1. Field of the Invention
The present invention relates to a laser diode module including a light-detecting device, such as a photodiode (PD), for monitoring an optical output from a laser diode device, for example, from a semiconductor laser diode.
2. Description of the Background Art
FIG. 10 shows a structure of a laser diode module including a photodiode. Referring to FIG. 10, in general, the laser diode module includes a laser diode (LD) device 1, a photodiode 2, a lens 4, a cover glass 10, a polarizer 11 and a filter 12. An optical fiber having its end 5 is shown in FIG. 10.
In the conventional laser diode module shown in FIG. 10, photodiode 2 is placed on an optical axis 6 at the back of laser diode device 1. Photodiode 2 thus receives back radiation 7 from the rear side of laser diode device 1 to monitor an output of laser diode 1.
A pumping laser (wavelength: 980 or 1480 nm) employed as a light source for exciting a fiber amplifier has a high optical output. It could accordingly occur that the current monitored by photodiode 2 reaches a saturation state or that the optical output exceeds the driving ability of a driver for photodiode 2.

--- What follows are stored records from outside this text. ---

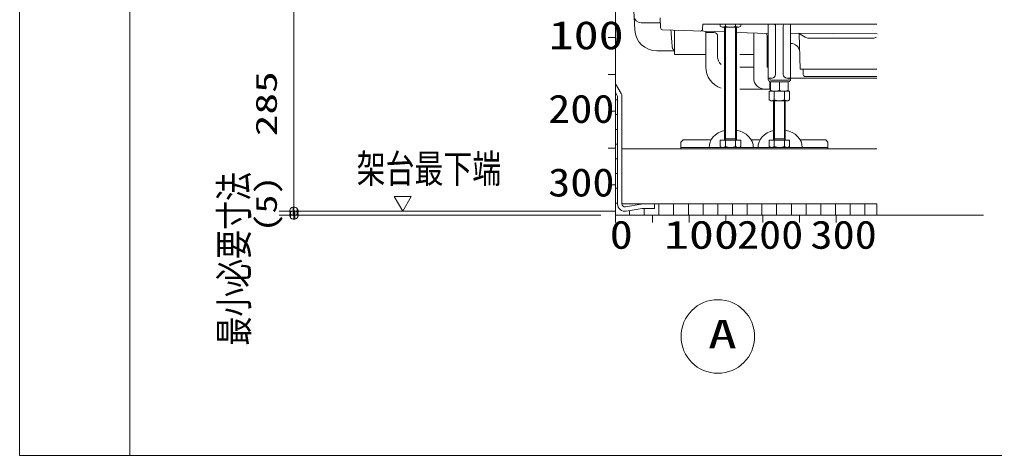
# Model space of a CAD drawing. Units: millimetres on the paper. Extents: x -305 to 305, y -152 to 152.
# Drawn here: x -262.5 to -196.2, y -59.6 to -30 of the extents above; entities that cross this region are included whole.
import ezdxf
from ezdxf.enums import TextEntityAlignment as Align

# ---------------------------------------------------------------- set-up
doc = ezdxf.new("R2010")
doc.units = ezdxf.units.MM
doc.layers.add('0-0_PV', color=7, linetype='Continuous', lineweight=9)
doc.layers.add('0-1_0', color=7, linetype='Continuous', lineweight=9)
doc.styles.add('ＭＳ ゴシック', font='')
doc.styles.get('ＭＳ ゴシック').set_extended_font_data('MS Gothic')

# ---------------------------------------------------------------- blocks, each defined once
blk = doc.blocks.new('_DOTSMALL')
at = {"layer": '0-1_0'}
for p, q in [((0.0746, 0.1), (-0.0746, 0.1)), ((0.1223, -0.0248), (-0.1223, -0.0248))]:
    blk.add_line(p, q, dxfattribs=at)
for points in [[(0.125, 0), (0.124, 0.0157), (0.1211, 0.0311), (0.1162, 0.046), (0.1095, 0.0602), (0.1011, 0.0735), (0.0911, 0.0856), (0.0797, 0.0963), (0.067, 0.1055), (0.0532, 0.1131), (0.0386, 0.1189), (0.0234, 0.1228), (0.0078, 0.1248), (-0.0078, 0.1248), (-0.0234, 0.1228), (-0.0386, 0.1189), (-0.0532, 0.1131), (-0.067, 0.1055), (-0.0797, 0.0963), (-0.0911, 0.0856), (-0.1011, 0.0735), (-0.1095, 0.0602), (-0.1162, 0.046), (-0.1211, 0.0311), (-0.124, 0.0157), (-0.125, 0), (0, 0)], [(-0.125, 0), (-0.124, -0.0157), (-0.1211, -0.0311), (-0.1162, -0.046), (-0.1095, -0.0602), (-0.1011, -0.0735), (-0.0911, -0.0856), (-0.0797, -0.0963), (-0.067, -0.1055), (-0.0532, -0.1131), (-0.0386, -0.1189), (-0.0234, -0.1228), (-0.0078, -0.1248), (0.0078, -0.1248), (0.0234, -0.1228), (0.0386, -0.1189), (0.0532, -0.1131), (0.067, -0.1055), (0.0797, -0.0963), (0.0911, -0.0856), (0.1011, -0.0735), (0.1095, -0.0602), (0.1162, -0.046), (0.1211, -0.0311), (0.124, -0.0157), (0.125, 0), (0, 0)]]:
    blk.add_lwpolyline(points, close=True, dxfattribs=at)

msp = doc.modelspace()

# ---------------------------------------------------------------- linework, layer by layer
at = {"layer": '0-0_PV'}
for p, q in [((-262.482, 105.355), (-262.482, -59.645)), ((-254.982, 105.355), (-254.982, -59.645)), ((-221.963, -3.313), (-221.963, -43.313)), ((-220.787, -28.413), (-220.665, -30.742)), ((-243.831, -43.063), (-243.831, -28.813)), ((-220.215, -30.263), (-218.919, -30.263)), ((-218.91, -30.586), (-218.928, -29.913)), ((-216.048, -30.678), (-216.04, -30.363)), ((-204.203, -30.363), (-216.04, -30.363)), ((-214.846, -30.363), (-214.846, -30.495)), ((-214.499, -30.363), (-214.499, -30.495)), ((-213.806, -30.363), (-213.806, -30.495)), ((-213.46, -30.363), (-213.46, -30.495)), ((-211.588, -34.088), (-211.588, -30.363)), ((-211.138, -30.363), (-211.132, -30.369)), ((-211.088, -33.763), (-211.088, -30.475)), ((-210.568, -33.763), (-210.568, -30.475)), ((-210.524, -30.369), (-210.518, -30.363)), ((-210.068, -34.088), (-210.068, -30.363)), ((-218.766, -30.732), (-214.553, -30.883)), ((-217.963, -30.76), (-217.963, -32.413)), ((-215.828, -30.837), (-215.828, -32.413)), ((-215.828, -30.913), (-215.485, -30.913)), ((-215.828, -30.913), (-215.278, -30.913)), ((-214.728, -30.563), (-214.846, -30.495)), ((-214.728, -30.563), (-213.578, -30.563)), ((-214.553, -30.563), (-214.553, -38.233)), ((-213.808, -30.563), (-213.808, -38.138)), ((-213.753, -38.233), (-213.753, -30.563)), ((-213.753, -30.912), (-211.588, -30.989)), ((-213.46, -30.495), (-213.578, -30.563)), ((-212.578, -30.954), (-212.578, -34.013)), ((-204.178, -31.014), (-210.068, -30.965)), ((-209.539, -30.969), (-209.086, -31.231)), ((-222.463, -31.263), (-221.963, -31.263)), ((-215.028, -31.163), (-215.028, -32.563)), ((-211.653, -31.163), (-211.653, -33.263)), ((-208.836, -31.298), (-204.47, -31.298)), ((-217.963, -32.163), (-219.167, -32.163)), ((-217.963, -32.413), (-215.828, -32.413)), ((-215.828, -32.413), (-215.828, -33.263)), ((-213.518, -32.413), (-212.578, -32.413)), ((-222.463, -33.763), (-221.963, -33.763)), ((-213.518, -33.263), (-212.578, -33.263)), ((-211.588, -33.263), (-211.653, -33.263)), ((-209.216, -33.413), (-209.207, -33.767)), ((-221.963, -34.401), (-221.588, -35.05)), ((-211.338, -34.013), (-211.588, -34.013)), ((-211.488, -34.088), (-211.488, -34.013)), ((-211.478, -34.763), (-211.478, -34.25)), ((-211.428, -34.913), (-211.428, -34.263)), ((-210.24, -34.163), (-211.413, -34.163)), ((-210.243, -34.263), (-211.413, -34.263)), ((-210.828, -34.845), (-210.828, -34.263)), ((-210.318, -34.013), (-210.068, -34.013)), ((-210.228, -34.913), (-210.228, -34.263)), ((-210.168, -34.088), (-210.168, -34.013)), ((-210.068, -34.013), (-204.203, -34.013)), ((-209.057, -33.913), (-207.153, -33.913)), ((-207.153, -33.913), (-204.203, -33.913)), ((-221.963, -35.002), (-221.848, -35.2)), ((-211.828, -34.763), (-213.518, -34.763)), ((-211.428, -34.763), (-211.828, -34.763)), ((-211.521, -34.913), (-211.521, -35.495)), ((-210.135, -34.913), (-211.521, -34.913)), ((-211.174, -34.913), (-211.174, -35.495)), ((-210.481, -34.913), (-210.481, -35.495)), ((-210.135, -34.913), (-210.135, -35.495)), ((-221.963, -35.498), (-221.828, -35.498)), ((-221.828, -42.563), (-221.828, -35.275)), ((-221.828, -35.275), (-221.828, -42.563)), ((-221.528, -35.275), (-221.528, -42.563)), ((-211.521, -35.495), (-211.403, -35.563)), ((-210.253, -35.563), (-211.403, -35.563)), ((-211.228, -38.233), (-211.228, -35.563)), ((-211.173, -38.138), (-211.173, -35.563)), ((-210.483, -35.563), (-210.483, -38.138)), ((-210.428, -35.563), (-210.428, -38.233)), ((-210.253, -35.563), (-210.135, -35.495)), ((-222.463, -36.263), (-221.963, -36.263)), ((-221.963, -36.498), (-221.828, -36.498)), ((-221.963, -37.498), (-221.828, -37.498)), ((-217.528, -38.363), (-217.378, -38.213)), ((-217.528, -38.363), (-217.528, -38.813)), ((-217.378, -38.213), (-215.468, -38.213)), ((-214.846, -38.665), (-214.846, -38.233)), ((-213.46, -38.233), (-214.846, -38.233)), ((-214.553, -38.138), (-213.753, -38.138)), ((-214.499, -38.665), (-214.499, -38.233)), ((-213.753, -38.233), (-213.808, -38.138)), ((-213.806, -38.665), (-213.806, -38.233)), ((-213.46, -38.665), (-213.46, -38.233)), ((-212.742, -38.213), (-212.143, -38.213)), ((-211.521, -38.665), (-211.521, -38.233)), ((-211.521, -38.233), (-210.135, -38.233)), ((-211.228, -38.233), (-211.173, -38.138)), ((-211.228, -38.138), (-210.428, -38.138)), ((-211.174, -38.665), (-211.174, -38.233)), ((-210.428, -38.233), (-210.483, -38.138)), ((-210.481, -38.665), (-210.481, -38.233)), ((-210.135, -38.665), (-210.135, -38.233)), ((-209.417, -38.213), (-207.678, -38.213)), ((-207.528, -38.363), (-207.678, -38.213)), ((-207.528, -38.363), (-207.528, -38.813)), ((-222.463, -38.763), (-221.963, -38.763)), ((-221.963, -38.498), (-221.828, -38.498)), ((-221.528, -38.813), (-204.203, -38.813)), ((-217.528, -38.733), (-207.528, -38.733)), ((-214.846, -38.665), (-214.728, -38.733)), ((-213.578, -38.733), (-214.728, -38.733)), ((-213.578, -38.733), (-213.46, -38.665)), ((-211.403, -38.733), (-211.521, -38.665)), ((-211.403, -38.733), (-210.253, -38.733)), ((-210.135, -38.665), (-210.253, -38.733)), ((-221.963, -39.498), (-221.828, -39.498)), ((-221.963, -40.498), (-221.828, -40.498)), ((-222.463, -41.263), (-221.963, -41.263)), ((-221.963, -41.498), (-221.828, -41.498)), ((-237.012, -42.063), (-236.435, -43.063)), ((-235.857, -42.063), (-237.012, -42.063)), ((-236.435, -43.063), (-235.857, -42.063)), ((-221.963, -43.063), (-244.831, -43.063)), ((-243.831, -43.313), (-243.831, -43.063)), ((-221.963, -42.498), (-221.828, -42.498)), ((-221.528, -42.563), (-204.203, -42.563)), ((-221.293, -42.76), (-220.215, -42.57)), ((-220.163, -42.865), (-221.241, -43.055)), ((-221.241, -43.055), (-220.163, -42.865)), ((-221.017, -43.313), (-221.017, -43.016)), ((-220.137, -42.863), (-219.328, -42.863)), ((-220.017, -43.313), (-220.017, -42.863)), ((-219.328, -42.563), (-219.328, -42.863)), ((-219.017, -43.313), (-219.017, -42.563)), ((-218.017, -43.313), (-218.017, -42.563)), ((-217.017, -43.313), (-217.017, -42.563)), ((-216.017, -43.313), (-216.017, -42.563)), ((-215.017, -43.313), (-215.017, -42.563)), ((-214.017, -43.313), (-214.017, -42.563)), ((-213.017, -43.313), (-213.017, -42.563)), ((-212.017, -43.313), (-212.017, -42.563)), ((-211.017, -43.313), (-211.017, -42.563)), ((-210.017, -43.313), (-210.017, -42.563)), ((-209.017, -43.313), (-209.017, -42.563)), ((-208.017, -43.313), (-208.017, -42.563)), ((-207.017, -43.313), (-207.017, -42.563)), ((-206.017, -43.313), (-206.017, -42.563)), ((-205.017, -43.313), (-205.017, -42.563)), ((-222.963, -43.313), (-244.831, -43.313)), ((-221.963, -43.313), (-196.963, -43.313)), ((-221.963, -43.313), (-221.963, -43.813)), ((-219.463, -43.313), (-219.463, -43.813)), ((-216.963, -43.313), (-216.963, -43.813)), ((-214.463, -43.313), (-214.463, -43.813)), ((-211.963, -43.313), (-211.963, -43.813)), ((-209.463, -43.313), (-209.463, -43.813)), ((-206.963, -43.313), (-206.963, -43.813)), ((-262.482, -59.645), (-17.482, -59.645))]:
    msp.add_line(p, q, dxfattribs=at)
for points in [[(-214.553, -38.233), (-214.498, -38.138), (-214.498, -30.563)], [(-209.481, -31.003), (-209.418, -33.413), (-204.203, -33.413)], [(-218.104, -31.952), (-218.104, -31.95), (-218.105, -31.948), (-218.105, -31.946), (-218.105, -31.944), (-218.106, -31.942), (-218.106, -31.94), (-218.106, -31.938), (-218.106, -31.936), (-218.106, -31.934), (-218.107, -31.932), (-218.107, -31.93), (-218.107, -31.928), (-218.107, -31.926)], [(-218.078, -32.027), (-218.079, -32.025), (-218.08, -32.023), (-218.081, -32.021), (-218.082, -32.019), (-218.082, -32.018), (-218.083, -32.016), (-218.084, -32.014), (-218.085, -32.012), (-218.086, -32.01), (-218.087, -32.008), (-218.088, -32.007), (-218.088, -32.005), (-218.089, -32.003), (-218.09, -32.001), (-218.091, -31.999), (-218.091, -31.997), (-218.092, -31.995), (-218.093, -31.993), (-218.093, -31.991), (-218.094, -31.99), (-218.095, -31.988), (-218.095, -31.986), (-218.096, -31.984), (-218.097, -31.982), (-218.097, -31.98), (-218.098, -31.978), (-218.098, -31.976), (-218.099, -31.974), (-218.1, -31.972), (-218.1, -31.97), (-218.101, -31.968), (-218.101, -31.966), (-218.102, -31.964), (-218.102, -31.962), (-218.102, -31.96), (-218.103, -31.958), (-218.103, -31.956), (-218.104, -31.954), (-218.104, -31.952)], [(-218.029, -32.089), (-218.031, -32.087), (-218.032, -32.086), (-218.034, -32.085), (-218.035, -32.083), (-218.037, -32.082), (-218.038, -32.08), (-218.039, -32.079), (-218.041, -32.077), (-218.042, -32.076), (-218.044, -32.074), (-218.045, -32.073), (-218.046, -32.071), (-218.048, -32.07), (-218.049, -32.068), (-218.05, -32.067), (-218.052, -32.065), (-218.053, -32.064), (-218.054, -32.062), (-218.055, -32.061), (-218.057, -32.059), (-218.058, -32.057), (-218.059, -32.056), (-218.06, -32.054), (-218.062, -32.053), (-218.063, -32.051), (-218.064, -32.049), (-218.065, -32.048), (-218.066, -32.046), (-218.067, -32.044), (-218.068, -32.042), (-218.07, -32.041), (-218.071, -32.039), (-218.072, -32.037), (-218.073, -32.036), (-218.074, -32.034), (-218.075, -32.032), (-218.076, -32.03), (-218.077, -32.028), (-218.078, -32.027)], [(-217.963, -32.132), (-217.965, -32.131), (-217.967, -32.13), (-217.969, -32.129), (-217.97, -32.128), (-217.972, -32.128), (-217.974, -32.127), (-217.976, -32.126), (-217.978, -32.125), (-217.979, -32.124), (-217.981, -32.123), (-217.983, -32.122), (-217.985, -32.121), (-217.987, -32.12), (-217.988, -32.119), (-217.99, -32.118), (-217.992, -32.117), (-217.994, -32.116), (-217.995, -32.115), (-217.997, -32.113), (-217.999, -32.112), (-218, -32.111), (-218.002, -32.11), (-218.004, -32.109), (-218.005, -32.108), (-218.007, -32.107), (-218.009, -32.105), (-218.01, -32.104), (-218.012, -32.103), (-218.014, -32.102), (-218.015, -32.101), (-218.017, -32.099), (-218.018, -32.098), (-218.02, -32.097), (-218.022, -32.096), (-218.023, -32.094), (-218.025, -32.093), (-218.026, -32.092), (-218.028, -32.09), (-218.029, -32.089)], [(-221.848, -35.2), (-221.963, -35.001), (-221.963, -35.813), (-221.963, -38.313), (-221.963, -40.813), (-221.963, -43.313), (-219.463, -43.313), (-216.963, -43.313), (-214.463, -43.313), (-211.963, -43.313), (-209.463, -43.313), (-206.963, -43.313), (-204.203, -43.313), (-204.203, -42.563), (-219.328, -42.563)], [(-219.328, -42.563), (-219.328, -42.863), (-220.137, -42.863)]]:
    msp.add_lwpolyline(points, dxfattribs=at)
msp.add_circle((-215.013, -51.563), 2.5, dxfattribs=at)
for centre, radius, start, end in [((-220.215, -29.763), 0.5, 183, 270), ((-211.238, -30.475), 0.15, 0, 45), ((-210.418, -30.475), 0.15, 135, 180), ((-219.167, -30.663), 1.5, 183, 270), ((-218.76, -30.582), 0.15, 181.50006, 267.94411), ((-216.198, -30.674), 0.15, 267.94411, 358.49993), ((-215.278, -31.163), 0.25, 0, 90), ((-214.737, -30.113), 0.45, 271.20515, 301.93849), ((-214.153, -29.647), 0.916, 247.78094, 292.21913), ((-213.568, -30.113), 0.45, 238.06151, 268.79485), ((-211.903, -31.163), 0.25, 0, 45.63002), ((-210.048, -32.263), 0.6, 1.5, 91.87969), ((-208.836, -30.798), 0.5, 240, 270), ((-204.47, -30.798), 0.5, 270, 300), ((-214.328, -32.563), 0.7, 180, 228.91764), ((-214.328, -33.263), 1.5, 180, 252.14153), ((-211.338, -33.763), 0.25, 270, 0), ((-210.318, -33.763), 0.25, 180, 270), ((-209.057, -33.763), 0.15, 181.5, 270), ((-211.828, -34.013), 0.75, 180, 270), ((-211.413, -34.088), 0.175, 180, 270), ((-211.413, -34.088), 0.075, 180, 270), ((-210.243, -34.088), 0.075, 270, 0), ((-210.243, -34.088), 0.175, 270, 0), ((-221.978, -35.275), 0.45, 0, 30), ((-211.128, -34.217), 0.696, 244.44891, 295.55109), ((-210.528, -34.217), 0.696, 244.44891, 295.55109), ((-221.978, -35.275), 0.15, 0, 30), ((-221.978, -35.275), 0.15, 0, 30), ((-211.412, -35.113), 0.45, 271.20515, 301.93849), ((-210.828, -34.647), 0.916, 247.78087, 292.21906), ((-210.243, -35.113), 0.45, 238.06151, 268.79485), ((-214.737, -38.283), 0.45, 271.20515, 301.93849), ((-214.153, -37.817), 0.916, 247.78094, 292.21913), ((-213.568, -38.283), 0.45, 238.06151, 268.79485), ((-211.412, -38.283), 0.45, 271.20515, 301.93849), ((-210.828, -37.817), 0.916, 247.78087, 292.21906), ((-210.243, -38.283), 0.45, 238.06151, 268.79485), ((-221.328, -42.563), 0.5, 180, 280), ((-221.328, -42.563), 0.5, 180, 280), ((-221.328, -42.563), 0.2, 180, 280), ((-220.137, -43.013), 0.45, 89.99999, 100.00001), ((-220.137, -43.013), 0.15, 90, 100), ((-220.137, -43.013), 0.15, 89.99999, 100.00001)]:
    msp.add_arc(centre, radius, start, end, dxfattribs=at)
for centre, major_axis, ratio, start_param, end_param in [((-216.903, 18.05), (0, 56.578), 0.045397, 2.611102, 2.653679), ((-214.105, -38.713), (-1.5, 0), 0.800001, 5.015575, 6.299561), ((-214.105, -38.713), (-1.5, 0), 0.800001, 3.123548, 4.475405), ((-210.78, -38.713), (-1.5, 0), 0.800001, 5.015575, 6.30123), ((-210.78, -38.713), (-1.5, 0), 0.800001, 3.123548, 4.475405)]:
    msp.add_ellipse(centre, major_axis=major_axis, ratio=ratio, start_param=start_param, end_param=end_param, dxfattribs=at)

# ---------------------------------------------------------------- block references
at = {"layer": '0-0_PV', "xscale": 2.32, "yscale": 2.32}
for p, rotation in [((-243.831, -43.063), 270), ((-243.831, -43.063), 270), ((-243.831, -43.313), 90)]:
    msp.add_blockref('_DOTSMALL', p, dxfattribs=dict(at, rotation=rotation))

# ---------------------------------------------------------------- texts
at = {"layer": '0-0_PV', "style": 'ＭＳ ゴシック'}
for s, width, p in [('100', 1.3, (-226.51, -32.633)), ('200', 1.15, (-226.546, -37.633)), ('架台最下端', 0.75, (-239.564, -41.703)), ('300', 1.15, (-226.546, -42.633)), ('0', 1.2, (-222.363, -46.183)), ('100', 1.3, (-218.677, -46.183)), ('200', 1.15, (-213.713, -46.183)), ('300', 1.15, (-208.713, -46.183)), ('A', 1.5, (-215.679, -52.944))]:
    msp.add_text(s, height=1.921, dxfattribs=dict(at, width=width)).set_placement(p, align=Align.BOTTOM_LEFT)
for s, height, width, p in [('285', 1.443, 1.5, (-244.554, -37.966)), ('最小必要寸法', 1.921, 0.75, (-246.367, -52.186)), ('(5)', 1.443, 1.3, (-244.554, -44.484))]:
    msp.add_text(s, height=height, rotation=90, dxfattribs=dict(at, width=width)).set_placement(p, align=Align.BOTTOM_LEFT)

doc.saveas('drawing.dxf')

With the purpose of more accurately monitoring the laser output, it is desired that photodiode 2 receives, not the back radiation 7 which is affected by an internal state (lasing state) of the laser module, but reflected radiation 9 of front radiation 8 or scattered radiation from laser diode device 1.
A laser resonator is constituted of two opposing end-surfaces of laser diode device 1 and a reflector (e.g., a fiber grating within the optical fiber). If any environmental change or change of an injection current is caused to the laser resonator (composite resonator including the fiber grating), gain characteristics of laser diode device 1 change and accordingly the fiber grating does not effectively function, and the ratio between an output from the front and an output from the back of laser diode device 1 changes.
A resultant problem in the placement of photodiode 2 receiving back radiation 7 only is that the linear relation between the radiation received by photodiode 2 and the laser output is lost and consequently photodiode 2 does not serve as an output monitor.
In addition, reflected radiation 9 of front radiation 8 alone is insufficient to allow photodiode 2 to have a sufficient signal intensity, resulting in deterioration of the S/N ratio and thus deterioration of controllability of photodiode 2.